None of the Jews in his administration resigned and none of his Jewish supporters I know personally have disavowed him.
Stephen Miller, a Jewish boy from Santa Monica, is a special adviser to the President. Over the two years of the Trump administration, Mr Miller has become the silent consigliere closest to him. He puts the words into Mr Trump’s mouth — when he stays on script — and is regarded as the strongest anti-immigration voice in the administration.
This past Rosh Hashanah, Neil Comess-Daniels, rabbi at the temple where Mr Miller received his Jewish education, denounced him from the pulpit: “We Jews have chosen our history to be our mandate … We are all refugees, Mr Miller.”
As the mid-term elections approached, the Trump administration carried on politicising the issue of immigration, fixating about an organised caravan of several thousand would-be immigrants from Honduras walking the 1,800 miles to the Texas border. Mr Trump knows that there are votes to be gained in fear. He tweeted without proof that there were Isis jihadis mixed in with the immigrants.
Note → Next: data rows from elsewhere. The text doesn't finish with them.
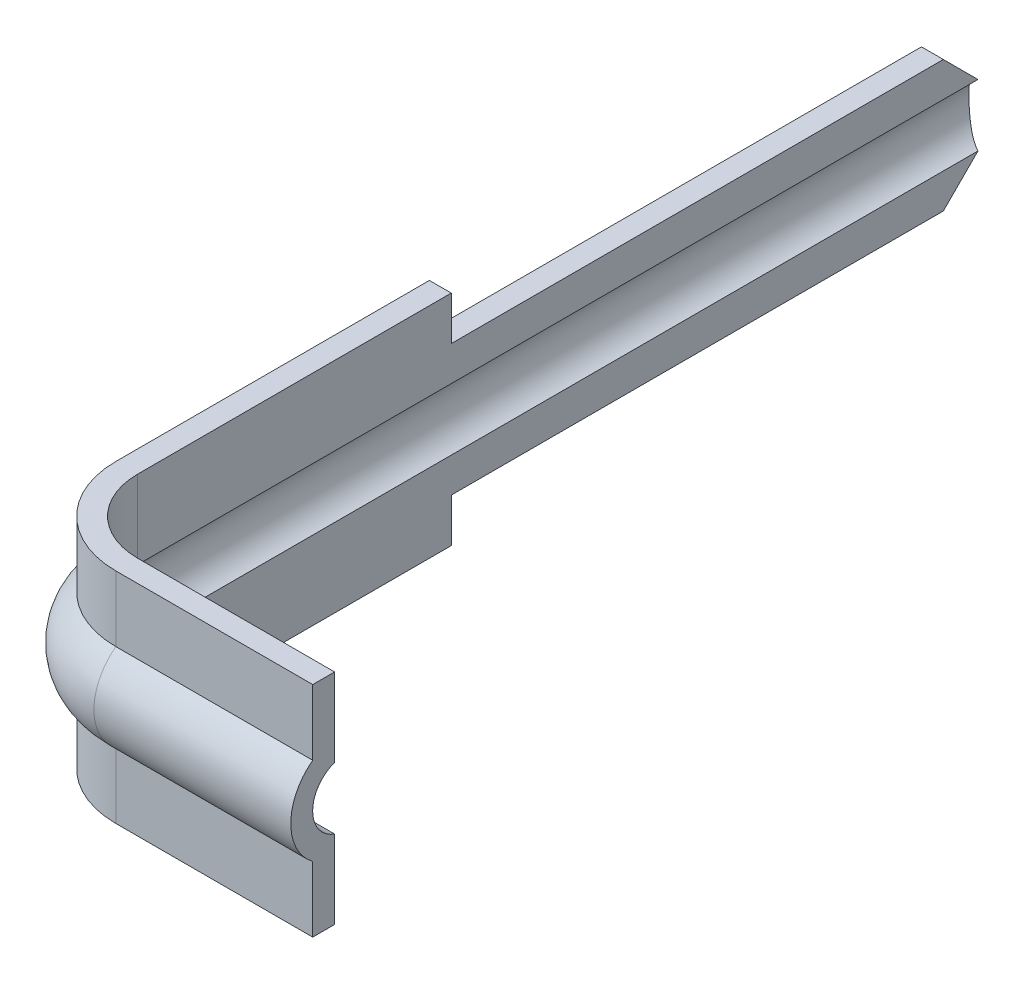
ISO-10303-21;
HEADER;
FILE_DESCRIPTION(('STEP AP214'),'2;1');
FILE_NAME('part.step','',(''),(''),'','','');
FILE_SCHEMA(('AUTOMOTIVE_DESIGN { 1 0 10303 214 1 1 1 1 }'));
ENDSEC;
DATA;
#1=APPLICATION_CONTEXT('core data for automotive mechanical design processes');
#2=APPLICATION_PROTOCOL_DEFINITION('international standard','automotive_design',2000,#1);
#3=PRODUCT_CONTEXT('',#1,'mechanical');
#4=PRODUCT('Part','Part','',(#3));
#5=PRODUCT_RELATED_PRODUCT_CATEGORY('part','',(#4));
#6=PRODUCT_DEFINITION_FORMATION('','',#4);
#7=PRODUCT_DEFINITION_CONTEXT('part definition',#1,'design');
#8=PRODUCT_DEFINITION('design','',#6,#7);
#9=PRODUCT_DEFINITION_SHAPE('','',#8);
#10=(LENGTH_UNIT() NAMED_UNIT(*) SI_UNIT(.MILLI.,.METRE.));
#11=(NAMED_UNIT(*) PLANE_ANGLE_UNIT() SI_UNIT($,.RADIAN.));
#12=(NAMED_UNIT(*) SI_UNIT($,.STERADIAN.) SOLID_ANGLE_UNIT());
#13=UNCERTAINTY_MEASURE_WITH_UNIT(LENGTH_MEASURE(1.E-05),#10,'distance_accuracy_value','');
#14=(GEOMETRIC_REPRESENTATION_CONTEXT(3) GLOBAL_UNCERTAINTY_ASSIGNED_CONTEXT((#13)) GLOBAL_UNIT_ASSIGNED_CONTEXT((#10,
#11,#12)) REPRESENTATION_CONTEXT('',''));
#15=CARTESIAN_POINT('',(0.,0.,0.));
#16=DIRECTION('',(0.,0.,1.));
#17=DIRECTION('',(1.,0.,0.));
#18=AXIS2_PLACEMENT_3D('',#15,#16,#17);
#19=CARTESIAN_POINT('',(0.65,0.,6.399749095762));
#20=DIRECTION('',(1.,0.,0.));
#21=DIRECTION('',(0.,0.,-1.));
#22=AXIS2_PLACEMENT_3D('',#19,#20,#21);
#23=CYLINDRICAL_SURFACE('',#22,0.375);
#24=DIRECTION('',(1.,0.,0.));
#25=VECTOR('',#24,1.);
#26=CARTESIAN_POINT('',(0.65,-0.300363239545,6.624263960147));
#27=LINE('',#26,#25);
#28=CARTESIAN_POINT('',(2.,-0.300363239545206,6.624263960147));
#29=VERTEX_POINT('',#28);
#30=CARTESIAN_POINT('',(0.65,-0.300363239545066,6.62426396014705));
#31=VERTEX_POINT('',#30);
#32=EDGE_CURVE('E137',#29,#31,#27,.F.);
#33=ORIENTED_EDGE('',*,*,#32,.F.);
#34=CARTESIAN_POINT('',(2.,0.,6.399749095762));
#35=DIRECTION('',(1.,0.,0.));
#36=DIRECTION('',(0.,0.,-1.));
#37=AXIS2_PLACEMENT_3D('',#34,#35,#36);
#38=CIRCLE('',#37,0.375);
#39=CARTESIAN_POINT('',(2.,0.300363239545158,6.624263960147));
#40=VERTEX_POINT('',#39);
#41=EDGE_CURVE('E21',#29,#40,#38,.F.);
#42=ORIENTED_EDGE('',*,*,#41,.T.);
#43=DIRECTION('',(1.,0.,0.));
#44=VECTOR('',#43,1.);
#45=CARTESIAN_POINT('',(0.65,0.300363239545,6.624263960147));
#46=LINE('',#45,#44);
#47=CARTESIAN_POINT('',(0.65,0.300363239545051,6.62426396014704));
#48=VERTEX_POINT('',#47);
#49=EDGE_CURVE('E139',#48,#40,#46,.T.);
#50=ORIENTED_EDGE('',*,*,#49,.F.);
#51=CARTESIAN_POINT('',(0.65,0.,6.399749095762));
#52=DIRECTION('',(1.,0.,0.));
#53=DIRECTION('',(0.,0.,-1.));
#54=AXIS2_PLACEMENT_3D('',#51,#52,#53);
#55=CIRCLE('',#54,0.375);
#56=EDGE_CURVE('E134',#48,#31,#55,.T.);
#57=ORIENTED_EDGE('',*,*,#56,.T.);
#58=EDGE_LOOP('',(#33,#42,#50,#57));
#59=FACE_BOUND('',#58,.T.);
#60=ADVANCED_FACE('F17',(#59),#23,.T.);
#61=CARTESIAN_POINT('',(0.650000000000002,0.,5.974263960147));
#62=DIRECTION('',(0.,1.,0.));
#63=DIRECTION('',(0.,0.,1.));
#64=AXIS2_PLACEMENT_3D('',#61,#62,#63);
#65=TOROIDAL_SURFACE('',#64,0.425485135615345,0.224999999999753);
#66=CARTESIAN_POINT('',(0.65,-0.21230293351,5.974263960147));
#67=DIRECTION('',(0.,1.,0.));
#68=DIRECTION('',(0.,0.,1.));
#69=AXIS2_PLACEMENT_3D('',#66,#67,#68);
#70=CIRCLE('',#69,0.499999996033);
#71=CARTESIAN_POINT('',(0.65,-0.212302933509976,6.47426395617999));
#72=VERTEX_POINT('',#71);
#73=CARTESIAN_POINT('',(0.15000000260008,-0.212302934478904,5.974263960147));
#74=VERTEX_POINT('',#73);
#75=EDGE_CURVE('E159',#72,#74,#70,.F.);
#76=ORIENTED_EDGE('',*,*,#75,.T.);
#77=CARTESIAN_POINT('',(0.224514864384999,0.,5.974263960147));
#78=DIRECTION('',(0.,0.,1.));
#79=DIRECTION('',(1.,0.,0.));
#80=AXIS2_PLACEMENT_3D('',#77,#78,#79);
#81=CIRCLE('',#80,0.225);
#82=CARTESIAN_POINT('',(0.149999999999682,0.212302932117223,5.974263960147));
#83=VERTEX_POINT('',#82);
#84=EDGE_CURVE('E193',#74,#83,#81,.F.);
#85=ORIENTED_EDGE('',*,*,#84,.T.);
#86=CARTESIAN_POINT('',(0.65,0.212302932117,5.974263960147));
#87=DIRECTION('',(0.,1.,0.));
#88=DIRECTION('',(0.,0.,1.));
#89=AXIS2_PLACEMENT_3D('',#86,#87,#88);
#90=CIRCLE('',#89,0.5);
#91=CARTESIAN_POINT('',(0.65,0.212302932117099,6.47426396014703));
#92=VERTEX_POINT('',#91);
#93=EDGE_CURVE('E198',#83,#92,#90,.T.);
#94=ORIENTED_EDGE('',*,*,#93,.T.);
#95=CARTESIAN_POINT('',(0.65,0.,6.399749095762));
#96=DIRECTION('',(1.,0.,0.));
#97=DIRECTION('',(0.,0.,-1.));
#98=AXIS2_PLACEMENT_3D('',#95,#96,#97);
#99=CIRCLE('',#98,0.225);
#100=EDGE_CURVE('E186',#92,#72,#99,.T.);
#101=ORIENTED_EDGE('',*,*,#100,.T.);
#102=EDGE_LOOP('',(#76,#85,#94,#101));
#103=FACE_BOUND('',#102,.T.);
#104=ADVANCED_FACE('F475',(#103),#65,.F.);
#105=CARTESIAN_POINT('',(0.65,0.,6.399749095762));
#106=DIRECTION('',(1.,0.,0.));
#107=DIRECTION('',(0.,0.,-1.));
#108=AXIS2_PLACEMENT_3D('',#105,#106,#107);
#109=CYLINDRICAL_SURFACE('',#108,0.225);
#110=DIRECTION('',(-1.,0.,0.));
#111=VECTOR('',#110,1.);
#112=CARTESIAN_POINT('',(0.65,-0.21230293351,6.47426395618));
#113=LINE('',#112,#111);
#114=CARTESIAN_POINT('',(2.,-0.212302933509947,6.47426395618));
#115=VERTEX_POINT('',#114);
#116=EDGE_CURVE('E179',#72,#115,#113,.F.);
#117=ORIENTED_EDGE('',*,*,#116,.F.);
#118=ORIENTED_EDGE('',*,*,#100,.F.);
#119=DIRECTION('',(-1.,0.,0.));
#120=VECTOR('',#119,1.);
#121=CARTESIAN_POINT('',(0.65,0.212302932117,6.474263960147));
#122=LINE('',#121,#120);
#123=CARTESIAN_POINT('',(2.,0.212302932117223,6.474263960147));
#124=VERTEX_POINT('',#123);
#125=EDGE_CURVE('E195',#124,#92,#122,.T.);
#126=ORIENTED_EDGE('',*,*,#125,.F.);
#127=CARTESIAN_POINT('',(2.,0.,6.399749095762));
#128=DIRECTION('',(1.,0.,0.));
#129=DIRECTION('',(0.,0.,-1.));
#130=AXIS2_PLACEMENT_3D('',#127,#128,#129);
#131=CIRCLE('',#130,0.225);
#132=EDGE_CURVE('E188',#115,#124,#131,.F.);
#133=ORIENTED_EDGE('',*,*,#132,.F.);
#134=EDGE_LOOP('',(#117,#118,#126,#133));
#135=FACE_BOUND('',#134,.T.);
#136=ADVANCED_FACE('F470',(#135),#109,.F.);
#137=CARTESIAN_POINT('',(0.224514864385,0.,0.));
#138=DIRECTION('',(0.,0.,1.));
#139=DIRECTION('',(1.,0.,0.));
#140=AXIS2_PLACEMENT_3D('',#137,#138,#139);
#141=CYLINDRICAL_SURFACE('',#140,0.225);
#142=ORIENTED_EDGE('',*,*,#84,.F.);
#143=DIRECTION('',(0.,0.,1.));
#144=VECTOR('',#143,1.);
#145=CARTESIAN_POINT('',(0.15000000123301,-0.212302935447808,0.212217486093047));
#146=LINE('',#145,#144);
#147=CARTESIAN_POINT('',(0.149878706829823,-0.212217516437203,0.212217486093047));
#148=VERTEX_POINT('',#147);
#149=EDGE_CURVE('E392',#148,#74,#146,.T.);
#150=ORIENTED_EDGE('',*,*,#149,.F.);
#151=CARTESIAN_POINT('',(0.149854531057934,0.212251818902621,0.212251886558882));
#152=CARTESIAN_POINT('',(0.137009872833372,0.207705948526972,0.207680473895742));
#153=CARTESIAN_POINT('',(0.124839235359186,0.20214062642089,0.202417834791372));
#154=CARTESIAN_POINT('',(0.101858196558429,0.189098899184247,0.191212930079771));
#155=CARTESIAN_POINT('',(0.0910513324542329,0.181617670906104,0.185268970473873));
#156=CARTESIAN_POINT('',(0.0709116779501815,0.164926276219742,0.173455854395994));
#157=CARTESIAN_POINT('',(0.0615737792867725,0.155722356485768,0.167586507013828));
#158=CARTESIAN_POINT('',(0.0445066488330214,0.135629283834086,0.156428309511392));
#159=CARTESIAN_POINT('',(0.0367748848776444,0.124742831525081,0.15113855195332));
#160=CARTESIAN_POINT('',(0.0245888606867424,0.103779791506947,0.142606903498528));
#161=CARTESIAN_POINT('',(0.019787953314767,0.0939856996557297,0.13916723484887));
#162=CARTESIAN_POINT('',(0.0115939740804189,0.0735562783870995,0.133227509892223));
#163=CARTESIAN_POINT('',(0.00819979692309744,0.0629216172745249,0.130726716039307));
#164=CARTESIAN_POINT('',(0.00299194705349419,0.0409913393325027,0.126868175821447));
#165=CARTESIAN_POINT('',(0.00118848377505597,0.0296919424761923,0.12551781496205));
#166=CARTESIAN_POINT('',(-0.000670971779713009,0.00687021780712604,0.12412535134443));
#167=CARTESIAN_POINT('',(-0.000727653770083491,-0.00465202021885717,0.124082732226319));
#168=CARTESIAN_POINT('',(0.000821695307690322,-0.0263015087161359,0.125243240037184));
#169=CARTESIAN_POINT('',(0.00225498435335123,-0.0364489499031219,0.12631694598688));
#170=CARTESIAN_POINT('',(0.00643922332999268,-0.0563121889376492,0.129425082353867));
#171=CARTESIAN_POINT('',(0.00919027079931914,-0.0660279547750986,0.131459583887535));
#172=CARTESIAN_POINT('',(0.0159780558423754,-0.0851064544130938,0.13641505698033));
#173=CARTESIAN_POINT('',(0.0200513306223396,-0.0944494816443028,0.139361093364397));
#174=CARTESIAN_POINT('',(0.0292957223225264,-0.112320339203326,0.145920879918083));
#175=CARTESIAN_POINT('',(0.0344674997572095,-0.120847674572672,0.149535031645922));
#176=CARTESIAN_POINT('',(0.046702211971752,-0.138346635000022,0.157864223749857));
#177=CARTESIAN_POINT('',(0.0539364513548188,-0.147158562953652,0.162662482201177));
#178=CARTESIAN_POINT('',(0.0695411380838534,-0.163511365804319,0.172558538969062));
#179=CARTESIAN_POINT('',(0.0779120996840653,-0.171051661932379,0.177656472263404));
#180=CARTESIAN_POINT('',(0.0961703590875287,-0.185184776837844,0.188071793329845));
#181=CARTESIAN_POINT('',(0.106114068995095,-0.191707404838909,0.193386711928983));
#182=CARTESIAN_POINT('',(0.127138437883396,-0.203185226595241,0.203411628211903));
#183=CARTESIAN_POINT('',(0.138219139192974,-0.208140361966553,0.208121603359648));
#184=CARTESIAN_POINT('',(0.149854533802602,-0.212251819868164,0.212251887567013));
#185=B_SPLINE_CURVE_WITH_KNOTS('',3,(#151,#152,#153,#154,#155,#156,#157,#158,#159,#160,#161,
#162,#163,#164,#165,#166,#167,#168,#169,#170,#171,#172,#173,#174,#175,#176,#177,#178,#179,#180,
#181,#182,#183,#184),.UNSPECIFIED.,.F.,.F.,(4,2,2,2,2,2,2,2,2,2,2,2,2,2,2,2,4),(0.,
0.0429654000817238,0.0860400441416619,0.128961418834472,0.171814603128912,0.205989054978089,
0.240136604164766,0.27450175515878,0.308853336949201,0.339623345820457,0.370395632589994,
0.4021032492694,0.433829985546777,0.47080297466866,0.507792746481156,0.546717356360889,
0.585643415883894),.UNSPECIFIED.);
#186=CARTESIAN_POINT('',(0.149878703882219,0.212217513609271,0.212217487525755));
#187=VERTEX_POINT('',#186);
#188=EDGE_CURVE('E121',#187,#148,#185,.T.);
#189=ORIENTED_EDGE('',*,*,#188,.F.);
#190=DIRECTION('',(0.,0.,1.));
#191=VECTOR('',#190,1.);
#192=CARTESIAN_POINT('',(0.149999999999999,0.212302932117445,5.974263960147));
#193=LINE('',#192,#191);
#194=EDGE_CURVE('E171',#83,#187,#193,.F.);
#195=ORIENTED_EDGE('',*,*,#194,.F.);
#196=EDGE_LOOP('',(#142,#150,#189,#195));
#197=FACE_BOUND('',#196,.T.);
#198=ADVANCED_FACE('F464',(#197),#141,.F.);
#199=CARTESIAN_POINT('',(0.65,0.212302932117,6.474263960147));
#200=DIRECTION('',(0.,0.,-1.));
#201=DIRECTION('',(-1.,0.,0.));
#202=AXIS2_PLACEMENT_3D('',#199,#200,#201);
#203=PLANE('',#202);
#204=DIRECTION('',(1.,0.,0.));
#205=VECTOR('',#204,1.);
#206=CARTESIAN_POINT('',(0.15,0.75,6.474263960147));
#207=LINE('',#206,#205);
#208=CARTESIAN_POINT('',(2.,0.75,6.474263960147));
#209=VERTEX_POINT('',#208);
#210=CARTESIAN_POINT('',(0.65,0.75,6.474263960147));
#211=VERTEX_POINT('',#210);
#212=EDGE_CURVE('E351',#209,#211,#207,.F.);
#213=ORIENTED_EDGE('',*,*,#212,.F.);
#214=DIRECTION('',(0.,1.,0.));
#215=VECTOR('',#214,1.);
#216=CARTESIAN_POINT('',(2.,0.,6.474263960147));
#217=LINE('',#216,#215);
#218=EDGE_CURVE('E361',#209,#124,#217,.F.);
#219=ORIENTED_EDGE('',*,*,#218,.T.);
#220=ORIENTED_EDGE('',*,*,#125,.T.);
#221=DIRECTION('',(0.,1.,0.));
#222=VECTOR('',#221,1.);
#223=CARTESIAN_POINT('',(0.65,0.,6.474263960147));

Aided by Rupert Murdoch’s Fox News, fears have been stoked further. Fox repeated a lie, tweeted out by Republican Congressman Matt Gaetz, that George Soros was funding the marchers. That was on October 17. On October 23, a pipe bomb was found in Mr Soros’s mail box in suburban New York. The next day, more bombs sent to leading Democrats and Trump critics were intercepted.
Then on Saturday, October 27, Robert Bowers walked into the Tree of Life synagogue, open to the world, the softest of targets, shouting “all Jews must die” and killed 11 people.
Trump’s first reaction to the killings came in an impromptu press conference on the rainswept tarmac of Andrews Air Force base. He was jetting off to make a campaign speech. The main thrust of his comments was, if there had been armed guards at Tree of Life then Bowers wouldn’t have got away with it. An interesting assertion as Several armed policeman who arrived quickly on the scene were shot.
Later that evening Mr Trump joked at the campaign event that he almost cancelled because his hair had been ruined by the weather while speaking to the press. He was having a bad hair day.
The New York Times reported that it took his daughter Ivanka, a convert and her Jewish husband, Jared, “importuning” him to get the President to explicitly condemn the antisemitic nature of the attacks.
Most of Pittsburgh and the American Jewish community are not buying his words.
This is antisemitism but not the kind I faced walking home through a working class Catholic neighbourhood from school. Soros-baiting is not simply Jew-baiting. Jews do it to.
Benjamin Netanyahu has spread lies about Mr Soros having links to the Iranian regime. He has warmly welcomed Hungarian Prime Minister Viktor Orban, whose antisemitic attacks on Mr Soros have helped the Hungarian leader stay in office, on a state visit to Israel.
This confused and terrible confluence: petty politics to maintain power, a return of the ethno-nationalism that has always led to violence, and the always-present resentment of Jews are the strands that undergird the terrible events at Tree of Life synagogue.
An antisemitism for the 21st century.